The Biden Administration Is Providing $700,000 for Sex Ed for Trans Boys

The new programming will address systemic inequities “AFAB trans youth” experience, including discrimination, dysphoria, and rejection.
A classroom
John Coletti/Getty Images

The Biden administration is allocating nearly $700,000 for a new sex education program aimed at trans boys.

The Department of Health and Human Services (HHS) recently approved a $698,736 grant to California’s Center for Innovative Public Health Research, which currently works with the text message-based sexual health program Girl2Girl to advocate for pregnancy prevention and safe sex among queer, cisgender 14-to-18-year-old girls through condom and birth control usage and STI testing. This grant will go toward the center’s efforts to update the Girl2Girl program to make it more trans-inclusive.

“[Trans boys and non-binary youth assigned female at birth] are at risk for negative sexual health outcomes yet are effectively excluded from sexual health programs because gender-diverse youth do not experience the cisgender, heteronormative teen sexual education messaging available to them as salient or applicable,” the grant summary reads.

The summary continues: “Data suggest[s] that AFAB trans-identified youth may be less likely to use condoms when having sex with people who have penises and are at least as likely as cisgender girls to be pregnant.
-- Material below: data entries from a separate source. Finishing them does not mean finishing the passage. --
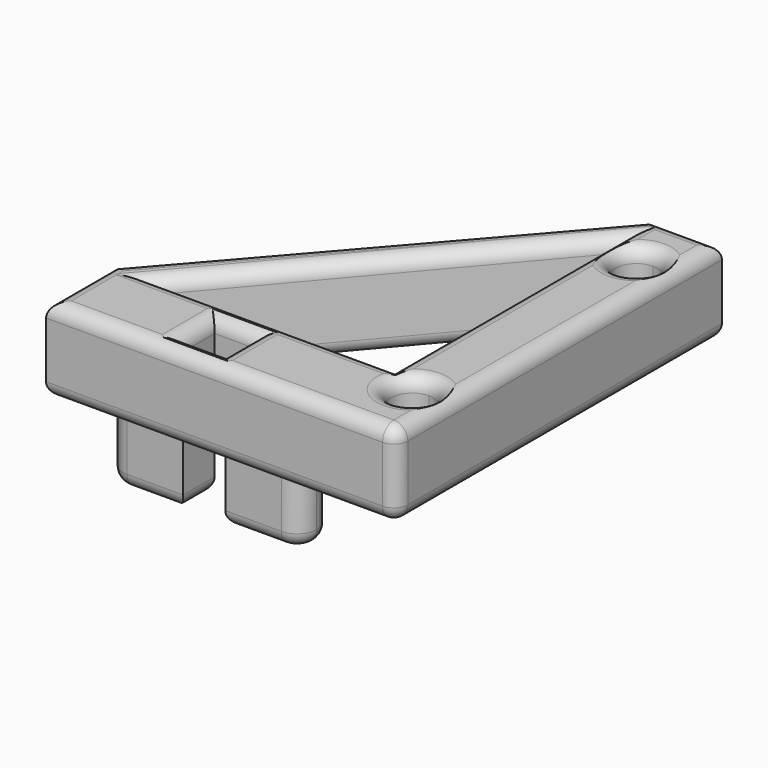
from build123d import *

# Parameters (mm, degrees)
F1_DEPTH      = 6
F2_DEPTH      = 6
F3_T1_DEPTH   = 35.4795013083
F3_T3_DEPTH   = 11
F3_T5_DEPTH   = 30
F3_T7_DEPTH   = 34
F3_T9_DEPTH   = 10
F3_T11_DEPTH  = 3
F3_T13_DEPTH  = 2.8
F3_T18_DEPTH  = 31.2488094968
F3_T24_DEPTH  = 22.5
F3_T29_DEPTH  = 19.5
F3_T39_DEPTH  = 5.5
F3_T43_DEPTH  = 5.3
F3_T50_DEPTH  = 5.5
F3_T54_DEPTH  = 5.3
F3_T61_DEPTH  = 5.3
F3_T65_DEPTH  = 5.5
F3_T72_DEPTH  = 5.5
F3_T76_DEPTH  = 5.3
F3_T83_DEPTH  = 31.2488094968
F3_T87_DEPTH  = 19.5
F3_T94_DEPTH  = 31.2488094968
F3_T98_DEPTH  = 22.5
F3_T105_DEPTH = 25
F3_T109_DEPTH = 22
F4_T1_DEPTH   = 35.4795013083
F4_T3_DEPTH   = 11
F4_T5_DEPTH   = 26.5
F4_T7_DEPTH   = 30.5
F4_T9_DEPTH   = 10
F4_T11_DEPTH  = 3
F4_T13_DEPTH  = 2.8
F4_T15_DEPTH  = 4
F4_S19_W      = 1
F4_S19_H      = 1
F4_T20_DEPTH  = 1
F4_S25_W      = 1
F4_S25_H      = 1
F4_T26_DEPTH  = 1
F4_T32_DEPTH  = 31.2488094968
F4_T38_DEPTH  = 22.5
F4_T43_DEPTH  = 19.5
F4_T53_DEPTH  = 5.5
F4_T57_DEPTH  = 5.3
F4_T64_DEPTH  = 5.5
F4_T68_DEPTH  = 5.3
F4_T75_DEPTH  = 5.5
F4_T79_DEPTH  = 5.3
F4_T86_DEPTH  = 5.3
F4_T90_DEPTH  = 5.5
F4_T97_DEPTH  = 31.2488094968
F4_T101_DEPTH = 19.5
F4_T108_DEPTH = 22.5
F4_T112_DEPTH = 31.2488094968
F4_T119_DEPTH = 25
F4_T123_DEPTH = 22
F5_DEPTH      = 5
F6_R          = 1


# Not quite as in the source:
# - a fillet or chamfer that OpenCascade refuses, or shapes differently, is made with other operations: its cross-section is extruded or revolved along the edge and cut away or added


with BuildPart() as f1:
    # F0 (on Top) → F1 (new body)
    with BuildSketch(Plane.XY):
        Polygon((0, 29), (-20, 6), (-17, 6), (0, 26), align=None)
        with BuildLine():
            Line((0, 3), (0, 0))
            Line((0, 0), (2.5, 0))
            Line((2.5, 0), (2.5, 3))
            ThreePointArc((2.5, 3), (1, 4.5), (2.5, 6))
            Line((2.5, 6), (2.5, 23))
            ThreePointArc((2.5, 23), (1, 24.5), (2.5, 26))
            Line((2.5, 26), (2.5, 29))
            Line((2.5, 29), (0, 29))
            Line((0, 29), (0, 26))
            Line((0, 26), (0, 6))
            Line((0, 6), (0, 3))
        make_face()
        with BuildLine():
            Line((2.5, 3), (2.5, 0))
            Line((2.5, 0), (5, 0))
            Line((5, 0), (5, 15))
            Line((5, 15), (5, 29))
            Line((5, 29), (2.5, 29))
            Line((2.5, 29), (2.5, 26))
            ThreePointArc((2.5, 26), (3.5606601718, 25.5606601718), (4, 24.5))
            ThreePointArc((4, 24.5), (3.5606601718, 23.4393398282), (2.5, 23))
            Line((2.5, 23), (2.5, 6))
            ThreePointArc((2.5, 6), (3.5606601718, 5.5606601718), (4, 4.5))
            ThreePointArc((4, 4.5), (3.5606601718, 3.4393398282), (2.5, 3))
        make_face()
        with BuildLine():
            Line((-3.1, 3), (0, 3))
            Line((0, 3), (0, 6))
            Line((0, 6), (-17, 6))
            Line((-17, 6), (-20, 6))
            Line((-20, 6), (-20, 3))
            Line((-20, 3), (-16.9, 3))
            ThreePointArc((-16.9, 3), (-16.4899494937, 3.9899494937), (-15.5, 4.4))
            Line((-15.5, 4.4), (-11.5, 4.4))
            Line((-11.5, 4.4), (-10, 4.4))
            Line((-10, 4.4), (-8.5, 4.4))
            Line((-8.5, 4.4), (-4.5, 4.4))
            ThreePointArc((-4.5, 4.4), (-3.5100505063, 3.9899494937), (-3.1, 3))
        make_face()
        with BuildLine():
            Line((-20, 0), (0, 0))
            Line((0, 0), (0, 3))
            Line((0, 3), (-3.1, 3))
            ThreePointArc((-3.1, 3), (-3.5100505063, 2.0100505063), (-4.5, 1.6))
            Line((-4.5, 1.6), (-8.5, 1.6))
            Line((-8.5, 1.6), (-10, 1.6))
            Line((-10, 1.6), (-11.5, 1.6))
            Line((-11.5, 1.6), (-15.5, 1.6))
            ThreePointArc((-15.5, 1.6), (-16.4899494937, 2.0100505063), (-16.9, 3))
            Line((-16.9, 3), (-20, 3))
            Line((-20, 3), (-20, 0))
        make_face()
    extrude(amount=F1_DEPTH)

    # F0 (on Top) → F2 (join)
    with BuildSketch(Plane.XY):
        with BuildLine():
            Line((-14.1, 3), (-16.9, 3))
            ThreePointArc((-16.9, 3), (-16.4899494937, 2.0100505063), (-15.5, 1.6))
            ThreePointArc((-15.5, 1.6), (-14.5100505063, 2.0100505063), (-14.1, 3))
        make_face()
        with BuildLine():
            ThreePointArc((-4.5, 1.6), (-5.4899494937, 2.0100505063), (-5.9, 3))
            Line((-5.9, 3), (-8.5, 3))
            Line((-8.5, 3), (-8.5, 1.6))
            Line((-8.5, 1.6), (-4.5, 1.6))
        make_face()
        with BuildLine():
            Line((-11.5, 3), (-14.1, 3))
            ThreePointArc((-14.1, 3), (-14.5100505063, 2.0100505063), (-15.5, 1.6))
            Line((-15.5, 1.6), (-11.5, 1.6))
            Line((-11.5, 1.6), (-11.5, 3))
        make_face()
        with BuildLine():
            ThreePointArc((-15.5, 4.4), (-14.5100505063, 3.9899494937), (-14.1, 3))
            Line((-14.1, 3), (-11.5, 3))
            Line((-11.5, 3), (-11.5, 4.4))
            Line((-11.5, 4.4), (-15.5, 4.4))
        make_face()
        with BuildLine():
            Line((-8.5, 3), (-5.9, 3))
            ThreePointArc((-5.9, 3), (-5.4899494937, 3.9899494937), (-4.5, 4.4))
            Line((-4.5, 4.4), (-8.5, 4.4))
            Line((-8.5, 4.4), (-8.5, 3))
        make_face()
        with BuildLine():
            Line((-5.9, 3), (-3.1, 3))
            ThreePointArc((-3.1, 3), (-3.5100505063, 3.9899494937), (-4.5, 4.4))
            ThreePointArc((-4.5, 4.4), (-5.4899494937, 3.9899494937), (-5.9, 3))
        make_face()
        with BuildLine():
            ThreePointArc((-4.5, 1.6), (-3.5100505063, 2.0100505063), (-3.1, 3))
            Line((-3.1, 3), (-5.9, 3))
            ThreePointArc((-5.9, 3), (-5.4899494937, 2.0100505063), (-4.5, 1.6))
        make_face()
        with BuildLine():
            ThreePointArc((-15.5, 4.4), (-16.4899494937, 3.9899494937), (-16.9, 3))
            Line((-16.9, 3), (-14.1, 3))
            ThreePointArc((-14.1, 3), (-14.5100505063, 3.9899494937), (-15.5, 4.4))
        make_face()
    extrude(amount=F2_DEPTH)

    # F3: fillet of radius 1 on 14 edges, made by hand

    # F3_s2 → F3_t1 (cut)
    with BuildSketch(Plane(origin=(15.9999731598, 18.3999691337, 0), x_dir=(0, 0, 1), z_dir=(-0.6561787149, -0.7546055222, 0))):
        with BuildLine():
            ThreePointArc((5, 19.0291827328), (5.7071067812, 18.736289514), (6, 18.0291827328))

This health inequity must be addressed.”

The Center plans to use the grant to adapt Girl2Girl to create the program #TranscendentHealth, which will address systemic inequities AFAB trans youth experience, including “significant social stressors, discrimination, dysphoria, and rejection.” To do so, the center will hold focus groups to gather data about trans boys and non-binary teens’ sex lives, including information about their birth control strategies, condom use, PrEP use, and HIV testing rates. According to the grant page, the project began in September 2023 and will run until June 30, 2027.

Various LGBTQ subjects
Anti-trans actors will undoubtedly be busy once again this year, but LGBTQ+ activists and advocates have no plans to back down.

Last September, the Biden administration’s National Institute of Health approved a $200,000 grant for an online mentorship program led by University of Nebraska-Lincoln professor Katie Edwards, which connects LGBTQ+ youth with LGBTQ+ adults to encourage “social-emotional skills acquisition.” Meanwhile, in August 2022, the HHS granted over $1 million to the Cincinnati Children’s Hospital Medical Center to study thrombosis risk in trans youth receiving gender-affirming hormone therapy, according to the Shore News Network.

However, the Biden administration has also faced criticism for trans-related policies. After declining to comment on the onslaught of new anti-trans legislation at 2023’s State of the Union, the administration faced pushback from LGBTQ+ advocates last April for proposing a rule change to Title XI that would allow schools to block some trans athletes from participation in the name of “fairness in competition,” while prohibiting them from enacting sweeping bans on trans athletic participation.